**AIM OF THE TASK:**
In the entries that follow, the first line to write out is the one containing "#191=AXIS2_PLACEMENT_3D('',#188,#189,#190);", and the last is the one containing "#258=ORIENTED_EDGE('',*,*,#257,.F.);". Reproduce that stretch exactly, with nothing before or after it.

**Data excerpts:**

___

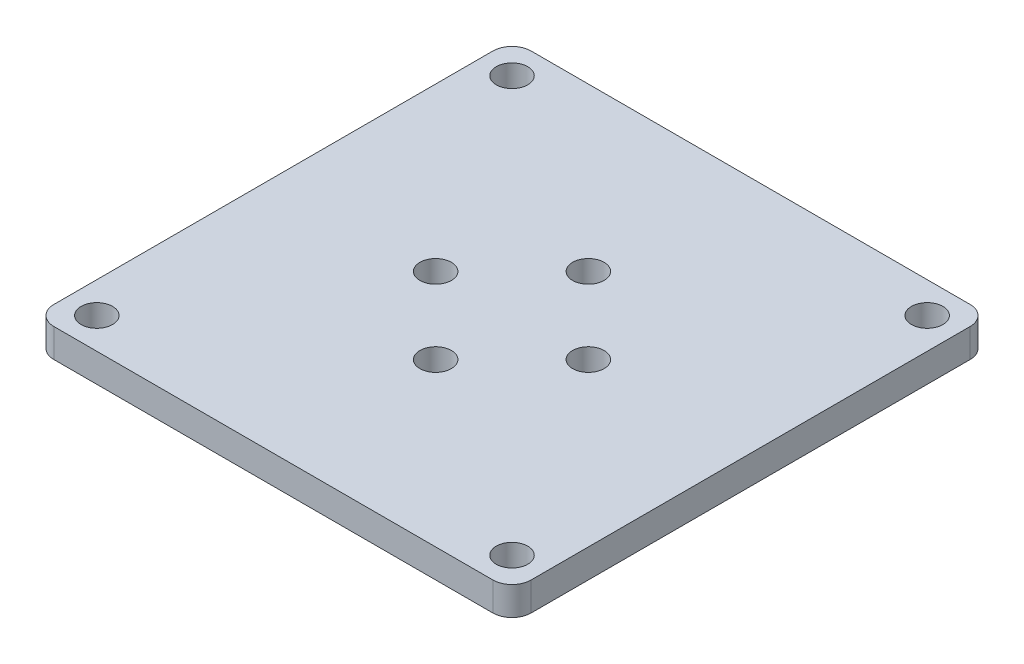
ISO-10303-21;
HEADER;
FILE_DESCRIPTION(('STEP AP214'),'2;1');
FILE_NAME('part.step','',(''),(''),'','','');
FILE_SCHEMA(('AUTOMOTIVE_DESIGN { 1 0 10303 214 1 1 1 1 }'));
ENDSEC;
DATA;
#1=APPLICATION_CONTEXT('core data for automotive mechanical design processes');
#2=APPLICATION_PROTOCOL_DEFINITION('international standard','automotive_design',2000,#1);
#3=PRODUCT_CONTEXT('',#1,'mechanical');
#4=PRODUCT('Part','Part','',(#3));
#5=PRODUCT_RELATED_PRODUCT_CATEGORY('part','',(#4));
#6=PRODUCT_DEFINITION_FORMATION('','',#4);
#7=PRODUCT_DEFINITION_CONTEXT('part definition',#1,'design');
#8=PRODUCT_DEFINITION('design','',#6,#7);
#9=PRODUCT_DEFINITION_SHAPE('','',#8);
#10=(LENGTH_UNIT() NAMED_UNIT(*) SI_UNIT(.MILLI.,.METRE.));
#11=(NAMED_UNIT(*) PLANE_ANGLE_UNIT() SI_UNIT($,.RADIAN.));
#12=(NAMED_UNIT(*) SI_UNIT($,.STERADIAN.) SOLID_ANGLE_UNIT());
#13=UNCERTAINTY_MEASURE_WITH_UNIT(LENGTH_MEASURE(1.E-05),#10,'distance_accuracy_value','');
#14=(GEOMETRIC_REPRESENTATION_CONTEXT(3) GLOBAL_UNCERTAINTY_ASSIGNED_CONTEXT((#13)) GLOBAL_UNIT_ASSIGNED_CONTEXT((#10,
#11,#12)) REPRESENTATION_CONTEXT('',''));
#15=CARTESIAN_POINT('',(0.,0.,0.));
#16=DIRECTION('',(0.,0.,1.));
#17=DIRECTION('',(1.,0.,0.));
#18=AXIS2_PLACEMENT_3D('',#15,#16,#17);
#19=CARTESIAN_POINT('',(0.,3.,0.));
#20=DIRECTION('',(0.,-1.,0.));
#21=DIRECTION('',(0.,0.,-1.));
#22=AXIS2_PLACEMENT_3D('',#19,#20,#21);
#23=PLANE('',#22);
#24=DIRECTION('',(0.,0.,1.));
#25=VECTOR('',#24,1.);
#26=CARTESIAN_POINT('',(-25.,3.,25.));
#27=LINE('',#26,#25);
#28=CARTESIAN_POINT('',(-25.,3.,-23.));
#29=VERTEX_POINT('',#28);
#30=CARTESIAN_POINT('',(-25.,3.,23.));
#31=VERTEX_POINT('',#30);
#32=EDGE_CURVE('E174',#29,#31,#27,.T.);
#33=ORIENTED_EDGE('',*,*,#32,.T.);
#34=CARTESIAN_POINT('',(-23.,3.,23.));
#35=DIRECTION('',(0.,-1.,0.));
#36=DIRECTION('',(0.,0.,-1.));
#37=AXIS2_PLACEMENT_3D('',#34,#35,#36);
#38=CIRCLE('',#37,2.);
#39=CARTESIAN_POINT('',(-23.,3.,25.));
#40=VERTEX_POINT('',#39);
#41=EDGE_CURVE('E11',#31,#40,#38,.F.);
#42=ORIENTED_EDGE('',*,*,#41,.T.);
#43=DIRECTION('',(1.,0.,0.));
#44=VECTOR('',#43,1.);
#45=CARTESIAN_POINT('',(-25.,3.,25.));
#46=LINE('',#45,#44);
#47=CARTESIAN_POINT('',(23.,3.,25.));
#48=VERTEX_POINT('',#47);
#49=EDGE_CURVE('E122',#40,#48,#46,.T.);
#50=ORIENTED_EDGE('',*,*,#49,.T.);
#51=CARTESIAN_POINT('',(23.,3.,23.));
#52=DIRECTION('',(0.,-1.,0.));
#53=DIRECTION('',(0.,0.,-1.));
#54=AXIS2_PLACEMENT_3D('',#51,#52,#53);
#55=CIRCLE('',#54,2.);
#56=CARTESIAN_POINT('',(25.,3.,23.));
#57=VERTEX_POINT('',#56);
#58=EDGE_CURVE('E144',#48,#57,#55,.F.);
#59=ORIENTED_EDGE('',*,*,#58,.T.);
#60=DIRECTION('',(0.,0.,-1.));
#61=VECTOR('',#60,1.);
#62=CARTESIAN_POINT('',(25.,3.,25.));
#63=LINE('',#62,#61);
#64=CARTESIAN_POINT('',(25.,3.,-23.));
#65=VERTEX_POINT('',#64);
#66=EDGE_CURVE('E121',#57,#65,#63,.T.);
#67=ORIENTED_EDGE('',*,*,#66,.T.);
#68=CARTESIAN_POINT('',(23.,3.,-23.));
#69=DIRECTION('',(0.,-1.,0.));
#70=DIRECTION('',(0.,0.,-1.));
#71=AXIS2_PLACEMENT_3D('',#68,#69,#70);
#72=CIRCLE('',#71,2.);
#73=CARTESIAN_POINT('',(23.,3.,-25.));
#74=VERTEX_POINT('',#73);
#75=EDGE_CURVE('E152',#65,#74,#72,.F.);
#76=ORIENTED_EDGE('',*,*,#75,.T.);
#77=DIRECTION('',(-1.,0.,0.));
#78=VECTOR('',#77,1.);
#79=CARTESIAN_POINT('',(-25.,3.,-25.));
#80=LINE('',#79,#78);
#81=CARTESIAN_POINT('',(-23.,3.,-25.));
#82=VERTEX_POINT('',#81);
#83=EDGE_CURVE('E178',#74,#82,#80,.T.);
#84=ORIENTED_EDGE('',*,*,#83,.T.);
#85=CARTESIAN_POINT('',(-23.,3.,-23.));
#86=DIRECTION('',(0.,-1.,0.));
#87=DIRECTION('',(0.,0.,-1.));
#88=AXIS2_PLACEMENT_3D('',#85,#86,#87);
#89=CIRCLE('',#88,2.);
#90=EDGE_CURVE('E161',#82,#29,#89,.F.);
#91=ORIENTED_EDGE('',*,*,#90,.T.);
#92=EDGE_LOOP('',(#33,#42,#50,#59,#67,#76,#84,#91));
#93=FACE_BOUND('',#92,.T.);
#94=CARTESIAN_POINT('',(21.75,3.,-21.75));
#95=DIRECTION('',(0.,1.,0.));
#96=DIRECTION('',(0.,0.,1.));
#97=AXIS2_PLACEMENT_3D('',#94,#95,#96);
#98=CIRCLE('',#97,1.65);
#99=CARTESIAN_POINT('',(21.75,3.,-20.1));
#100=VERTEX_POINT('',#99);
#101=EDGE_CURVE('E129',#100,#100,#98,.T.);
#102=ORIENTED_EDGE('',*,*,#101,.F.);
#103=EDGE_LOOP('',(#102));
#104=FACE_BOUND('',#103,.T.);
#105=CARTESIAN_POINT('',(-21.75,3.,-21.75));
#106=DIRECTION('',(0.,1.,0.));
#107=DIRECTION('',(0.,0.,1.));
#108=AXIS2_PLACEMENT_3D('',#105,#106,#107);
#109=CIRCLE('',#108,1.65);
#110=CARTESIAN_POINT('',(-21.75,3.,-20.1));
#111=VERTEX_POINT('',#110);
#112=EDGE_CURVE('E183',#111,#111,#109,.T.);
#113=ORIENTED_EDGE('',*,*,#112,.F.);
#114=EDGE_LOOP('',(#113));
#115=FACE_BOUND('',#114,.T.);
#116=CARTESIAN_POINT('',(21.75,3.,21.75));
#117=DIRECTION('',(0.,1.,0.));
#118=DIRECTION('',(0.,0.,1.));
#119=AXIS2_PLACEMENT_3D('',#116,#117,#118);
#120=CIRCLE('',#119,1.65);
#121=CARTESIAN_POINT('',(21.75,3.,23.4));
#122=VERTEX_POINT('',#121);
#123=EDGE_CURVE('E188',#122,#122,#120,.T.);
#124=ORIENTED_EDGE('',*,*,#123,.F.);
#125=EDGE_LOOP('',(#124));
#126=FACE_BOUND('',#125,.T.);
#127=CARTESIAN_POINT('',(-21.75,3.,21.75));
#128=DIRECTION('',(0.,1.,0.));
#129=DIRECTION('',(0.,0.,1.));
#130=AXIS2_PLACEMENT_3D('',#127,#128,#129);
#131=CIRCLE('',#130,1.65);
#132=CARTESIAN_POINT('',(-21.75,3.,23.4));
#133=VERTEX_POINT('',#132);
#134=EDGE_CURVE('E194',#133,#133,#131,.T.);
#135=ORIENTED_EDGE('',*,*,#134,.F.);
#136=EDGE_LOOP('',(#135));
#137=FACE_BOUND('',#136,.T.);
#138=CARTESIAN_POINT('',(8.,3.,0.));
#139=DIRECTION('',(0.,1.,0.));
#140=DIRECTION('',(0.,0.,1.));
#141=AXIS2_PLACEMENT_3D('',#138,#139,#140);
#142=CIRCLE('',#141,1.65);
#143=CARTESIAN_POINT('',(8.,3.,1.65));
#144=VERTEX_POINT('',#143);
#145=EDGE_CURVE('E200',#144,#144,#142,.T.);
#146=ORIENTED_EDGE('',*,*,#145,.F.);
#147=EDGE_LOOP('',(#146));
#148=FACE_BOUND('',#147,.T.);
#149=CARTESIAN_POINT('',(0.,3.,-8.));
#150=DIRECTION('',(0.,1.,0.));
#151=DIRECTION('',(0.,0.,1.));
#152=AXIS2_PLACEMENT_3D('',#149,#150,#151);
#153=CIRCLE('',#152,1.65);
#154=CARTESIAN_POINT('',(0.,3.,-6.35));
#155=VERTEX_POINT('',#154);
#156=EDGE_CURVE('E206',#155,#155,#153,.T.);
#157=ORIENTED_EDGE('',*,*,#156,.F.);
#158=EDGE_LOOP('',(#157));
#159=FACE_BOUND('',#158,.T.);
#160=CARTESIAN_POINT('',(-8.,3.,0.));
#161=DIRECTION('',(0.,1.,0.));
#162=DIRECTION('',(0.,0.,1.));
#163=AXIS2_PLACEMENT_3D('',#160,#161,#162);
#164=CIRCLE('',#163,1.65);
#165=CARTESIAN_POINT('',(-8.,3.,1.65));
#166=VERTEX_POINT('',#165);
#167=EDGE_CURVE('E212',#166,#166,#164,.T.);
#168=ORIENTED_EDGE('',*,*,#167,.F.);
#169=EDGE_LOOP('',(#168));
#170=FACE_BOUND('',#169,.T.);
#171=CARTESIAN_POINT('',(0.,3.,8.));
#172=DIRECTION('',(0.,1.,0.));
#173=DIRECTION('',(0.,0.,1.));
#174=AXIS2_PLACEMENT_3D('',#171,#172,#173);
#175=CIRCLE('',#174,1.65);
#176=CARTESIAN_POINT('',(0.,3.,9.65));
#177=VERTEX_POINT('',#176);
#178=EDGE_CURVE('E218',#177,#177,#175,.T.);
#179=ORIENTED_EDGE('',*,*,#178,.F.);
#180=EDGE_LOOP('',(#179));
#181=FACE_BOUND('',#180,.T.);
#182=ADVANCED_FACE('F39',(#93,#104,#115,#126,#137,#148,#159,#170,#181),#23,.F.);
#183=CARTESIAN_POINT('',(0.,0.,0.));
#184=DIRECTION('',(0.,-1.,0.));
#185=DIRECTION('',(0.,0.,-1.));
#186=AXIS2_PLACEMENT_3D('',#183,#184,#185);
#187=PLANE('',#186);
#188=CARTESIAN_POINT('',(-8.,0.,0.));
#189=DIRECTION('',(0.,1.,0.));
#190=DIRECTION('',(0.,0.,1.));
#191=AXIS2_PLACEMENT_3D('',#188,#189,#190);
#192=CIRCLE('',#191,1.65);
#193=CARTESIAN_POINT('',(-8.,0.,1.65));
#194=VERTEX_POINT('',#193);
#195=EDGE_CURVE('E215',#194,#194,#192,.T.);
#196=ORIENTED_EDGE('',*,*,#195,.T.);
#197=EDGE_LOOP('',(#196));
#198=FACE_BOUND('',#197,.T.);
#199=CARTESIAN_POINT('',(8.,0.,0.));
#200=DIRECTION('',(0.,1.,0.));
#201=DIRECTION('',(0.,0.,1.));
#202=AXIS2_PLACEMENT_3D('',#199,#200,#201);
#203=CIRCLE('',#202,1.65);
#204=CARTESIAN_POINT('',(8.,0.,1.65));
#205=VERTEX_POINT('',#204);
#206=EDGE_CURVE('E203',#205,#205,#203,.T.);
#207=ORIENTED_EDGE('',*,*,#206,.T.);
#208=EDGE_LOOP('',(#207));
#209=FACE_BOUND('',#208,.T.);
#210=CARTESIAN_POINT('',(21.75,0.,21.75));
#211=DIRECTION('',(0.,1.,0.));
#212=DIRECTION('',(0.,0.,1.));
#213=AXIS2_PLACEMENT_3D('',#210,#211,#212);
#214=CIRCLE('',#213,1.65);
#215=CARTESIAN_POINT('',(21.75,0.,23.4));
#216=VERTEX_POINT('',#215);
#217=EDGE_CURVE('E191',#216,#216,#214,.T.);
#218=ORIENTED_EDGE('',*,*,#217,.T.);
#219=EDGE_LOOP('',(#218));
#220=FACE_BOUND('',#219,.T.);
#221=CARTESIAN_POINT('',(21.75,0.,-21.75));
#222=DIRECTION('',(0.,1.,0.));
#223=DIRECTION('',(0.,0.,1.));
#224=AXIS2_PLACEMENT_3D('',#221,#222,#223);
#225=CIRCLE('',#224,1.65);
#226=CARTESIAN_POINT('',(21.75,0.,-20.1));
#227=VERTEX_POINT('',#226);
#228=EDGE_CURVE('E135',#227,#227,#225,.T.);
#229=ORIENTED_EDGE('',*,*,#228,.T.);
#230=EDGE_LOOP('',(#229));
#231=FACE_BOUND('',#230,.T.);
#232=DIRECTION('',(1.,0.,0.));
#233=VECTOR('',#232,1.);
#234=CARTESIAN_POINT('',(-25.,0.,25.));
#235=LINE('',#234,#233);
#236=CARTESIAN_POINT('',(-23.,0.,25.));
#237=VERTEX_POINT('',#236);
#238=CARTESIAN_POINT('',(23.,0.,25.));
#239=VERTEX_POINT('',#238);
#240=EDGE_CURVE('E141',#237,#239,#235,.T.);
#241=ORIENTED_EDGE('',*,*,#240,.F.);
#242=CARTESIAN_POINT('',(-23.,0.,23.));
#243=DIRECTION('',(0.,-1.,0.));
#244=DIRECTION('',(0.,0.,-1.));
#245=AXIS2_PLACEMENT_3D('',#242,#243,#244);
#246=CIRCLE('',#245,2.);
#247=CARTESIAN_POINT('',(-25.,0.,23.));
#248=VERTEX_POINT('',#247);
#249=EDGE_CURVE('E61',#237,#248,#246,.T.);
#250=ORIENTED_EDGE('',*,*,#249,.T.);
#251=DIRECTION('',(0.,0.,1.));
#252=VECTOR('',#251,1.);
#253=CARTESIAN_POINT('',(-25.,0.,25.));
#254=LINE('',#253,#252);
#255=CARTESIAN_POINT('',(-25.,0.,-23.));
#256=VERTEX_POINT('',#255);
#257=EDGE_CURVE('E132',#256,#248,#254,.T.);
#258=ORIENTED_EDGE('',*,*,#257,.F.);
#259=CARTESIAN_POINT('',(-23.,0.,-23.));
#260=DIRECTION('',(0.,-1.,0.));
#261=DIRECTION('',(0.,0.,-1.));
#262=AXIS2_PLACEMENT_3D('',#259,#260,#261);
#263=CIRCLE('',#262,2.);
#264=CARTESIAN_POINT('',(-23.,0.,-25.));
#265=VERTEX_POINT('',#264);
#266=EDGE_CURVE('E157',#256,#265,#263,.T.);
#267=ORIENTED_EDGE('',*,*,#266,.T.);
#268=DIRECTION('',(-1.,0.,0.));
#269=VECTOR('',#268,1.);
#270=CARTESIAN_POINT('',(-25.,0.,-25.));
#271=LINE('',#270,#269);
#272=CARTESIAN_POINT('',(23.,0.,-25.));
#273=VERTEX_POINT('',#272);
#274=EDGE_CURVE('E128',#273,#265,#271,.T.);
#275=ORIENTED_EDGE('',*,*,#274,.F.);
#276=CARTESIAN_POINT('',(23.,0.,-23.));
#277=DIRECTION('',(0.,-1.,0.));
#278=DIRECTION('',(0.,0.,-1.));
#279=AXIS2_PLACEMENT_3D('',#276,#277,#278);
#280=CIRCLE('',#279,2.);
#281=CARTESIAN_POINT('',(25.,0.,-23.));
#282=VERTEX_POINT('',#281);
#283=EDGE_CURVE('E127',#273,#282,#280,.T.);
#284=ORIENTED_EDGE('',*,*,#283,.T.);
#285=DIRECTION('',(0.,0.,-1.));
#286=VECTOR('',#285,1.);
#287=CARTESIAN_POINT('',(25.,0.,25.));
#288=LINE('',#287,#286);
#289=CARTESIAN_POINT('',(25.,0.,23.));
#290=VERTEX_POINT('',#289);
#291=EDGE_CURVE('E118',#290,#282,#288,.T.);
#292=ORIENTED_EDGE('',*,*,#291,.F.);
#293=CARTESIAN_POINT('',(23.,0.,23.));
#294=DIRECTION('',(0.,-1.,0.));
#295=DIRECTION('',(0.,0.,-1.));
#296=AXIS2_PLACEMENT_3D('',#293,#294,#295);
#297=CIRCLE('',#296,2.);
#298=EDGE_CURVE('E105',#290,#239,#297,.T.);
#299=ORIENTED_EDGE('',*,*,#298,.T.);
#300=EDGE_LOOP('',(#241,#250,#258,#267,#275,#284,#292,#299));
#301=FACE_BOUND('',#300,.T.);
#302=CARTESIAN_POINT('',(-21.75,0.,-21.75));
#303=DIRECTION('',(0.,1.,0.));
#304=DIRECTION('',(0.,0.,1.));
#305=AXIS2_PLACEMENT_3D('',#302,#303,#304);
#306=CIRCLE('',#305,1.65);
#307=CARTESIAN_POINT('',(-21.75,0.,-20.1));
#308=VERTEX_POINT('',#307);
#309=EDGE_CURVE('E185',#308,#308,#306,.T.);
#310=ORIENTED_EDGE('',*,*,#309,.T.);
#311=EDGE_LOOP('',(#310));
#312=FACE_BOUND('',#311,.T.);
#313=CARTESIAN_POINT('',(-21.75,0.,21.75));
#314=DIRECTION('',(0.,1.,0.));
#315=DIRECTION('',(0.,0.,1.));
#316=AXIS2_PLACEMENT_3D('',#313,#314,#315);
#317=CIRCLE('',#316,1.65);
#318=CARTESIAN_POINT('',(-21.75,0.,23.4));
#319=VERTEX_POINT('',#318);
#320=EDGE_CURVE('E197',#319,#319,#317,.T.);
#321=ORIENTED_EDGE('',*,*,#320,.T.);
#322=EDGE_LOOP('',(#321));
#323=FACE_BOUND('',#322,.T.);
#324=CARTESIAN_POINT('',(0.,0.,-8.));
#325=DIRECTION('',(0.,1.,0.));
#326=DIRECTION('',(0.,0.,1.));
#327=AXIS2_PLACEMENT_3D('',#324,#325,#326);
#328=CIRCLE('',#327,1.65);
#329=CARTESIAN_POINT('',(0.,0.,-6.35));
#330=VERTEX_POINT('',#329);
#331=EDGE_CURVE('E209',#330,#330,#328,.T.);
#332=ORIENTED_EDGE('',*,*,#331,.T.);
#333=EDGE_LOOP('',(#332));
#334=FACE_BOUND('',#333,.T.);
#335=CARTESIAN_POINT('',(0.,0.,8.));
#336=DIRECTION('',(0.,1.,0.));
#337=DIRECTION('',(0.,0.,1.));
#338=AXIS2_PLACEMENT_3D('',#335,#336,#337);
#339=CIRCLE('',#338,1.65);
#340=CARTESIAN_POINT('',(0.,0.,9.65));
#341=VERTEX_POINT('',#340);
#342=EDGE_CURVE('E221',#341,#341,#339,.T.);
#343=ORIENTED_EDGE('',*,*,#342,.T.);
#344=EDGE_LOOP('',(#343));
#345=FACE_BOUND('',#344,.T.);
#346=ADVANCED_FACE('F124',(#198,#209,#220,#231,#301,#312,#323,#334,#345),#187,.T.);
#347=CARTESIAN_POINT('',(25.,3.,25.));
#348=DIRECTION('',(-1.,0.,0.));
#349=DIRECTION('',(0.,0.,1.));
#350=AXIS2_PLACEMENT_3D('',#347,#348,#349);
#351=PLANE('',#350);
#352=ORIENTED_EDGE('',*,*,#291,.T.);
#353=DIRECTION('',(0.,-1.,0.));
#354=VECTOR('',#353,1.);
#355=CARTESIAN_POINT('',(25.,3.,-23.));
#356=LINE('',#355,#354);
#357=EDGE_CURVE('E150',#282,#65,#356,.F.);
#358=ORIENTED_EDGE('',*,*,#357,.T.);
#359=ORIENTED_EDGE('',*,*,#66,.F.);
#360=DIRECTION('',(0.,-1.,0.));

___

**RESULT OF THIS EXERCISE:**
#191=AXIS2_PLACEMENT_3D('',#188,#189,#190);
#192=CIRCLE('',#191,1.65);
#193=CARTESIAN_POINT('',(-8.,0.,1.65));
#194=VERTEX_POINT('',#193);
#195=EDGE_CURVE('E215',#194,#194,#192,.T.);
#196=ORIENTED_EDGE('',*,*,#195,.T.);
#197=EDGE_LOOP('',(#196));
#198=FACE_BOUND('',#197,.T.);
#199=CARTESIAN_POINT('',(8.,0.,0.));
#200=DIRECTION('',(0.,1.,0.));
#201=DIRECTION('',(0.,0.,1.));
#202=AXIS2_PLACEMENT_3D('',#199,#200,#201);
#203=CIRCLE('',#202,1.65);
#204=CARTESIAN_POINT('',(8.,0.,1.65));
#205=VERTEX_POINT('',#204);
#206=EDGE_CURVE('E203',#205,#205,#203,.T.);
#207=ORIENTED_EDGE('',*,*,#206,.T.);
#208=EDGE_LOOP('',(#207));
#209=FACE_BOUND('',#208,.T.);
#210=CARTESIAN_POINT('',(21.75,0.,21.75));
#211=DIRECTION('',(0.,1.,0.));
#212=DIRECTION('',(0.,0.,1.));
#213=AXIS2_PLACEMENT_3D('',#210,#211,#212);
#214=CIRCLE('',#213,1.65);
#215=CARTESIAN_POINT('',(21.75,0.,23.4));
#216=VERTEX_POINT('',#215);
#217=EDGE_CURVE('E191',#216,#216,#214,.T.);
#218=ORIENTED_EDGE('',*,*,#217,.T.);
#219=EDGE_LOOP('',(#218));
#220=FACE_BOUND('',#219,.T.);
#221=CARTESIAN_POINT('',(21.75,0.,-21.75));
#222=DIRECTION('',(0.,1.,0.));
#223=DIRECTION('',(0.,0.,1.));
#224=AXIS2_PLACEMENT_3D('',#221,#222,#223);
#225=CIRCLE('',#224,1.65);
#226=CARTESIAN_POINT('',(21.75,0.,-20.1));
#227=VERTEX_POINT('',#226);
#228=EDGE_CURVE('E135',#227,#227,#225,.T.);
#229=ORIENTED_EDGE('',*,*,#228,.T.);
#230=EDGE_LOOP('',(#229));
#231=FACE_BOUND('',#230,.T.);
#232=DIRECTION('',(1.,0.,0.));
#233=VECTOR('',#232,1.);
#234=CARTESIAN_POINT('',(-25.,0.,25.));
#235=LINE('',#234,#233);
#236=CARTESIAN_POINT('',(-23.,0.,25.));
#237=VERTEX_POINT('',#236);
#238=CARTESIAN_POINT('',(23.,0.,25.));
#239=VERTEX_POINT('',#238);
#240=EDGE_CURVE('E141',#237,#239,#235,.T.);
#241=ORIENTED_EDGE('',*,*,#240,.F.);
#242=CARTESIAN_POINT('',(-23.,0.,23.));
#243=DIRECTION('',(0.,-1.,0.));
#244=DIRECTION('',(0.,0.,-1.));
#245=AXIS2_PLACEMENT_3D('',#242,#243,#244);
#246=CIRCLE('',#245,2.);
#247=CARTESIAN_POINT('',(-25.,0.,23.));
#248=VERTEX_POINT('',#247);
#249=EDGE_CURVE('E61',#237,#248,#246,.T.);
#250=ORIENTED_EDGE('',*,*,#249,.T.);
#251=DIRECTION('',(0.,0.,1.));
#252=VECTOR('',#251,1.);
#253=CARTESIAN_POINT('',(-25.,0.,25.));
#254=LINE('',#253,#252);
#255=CARTESIAN_POINT('',(-25.,0.,-23.));
#256=VERTEX_POINT('',#255);
#257=EDGE_CURVE('E132',#256,#248,#254,.T.);
#258=ORIENTED_EDGE('',*,*,#257,.F.);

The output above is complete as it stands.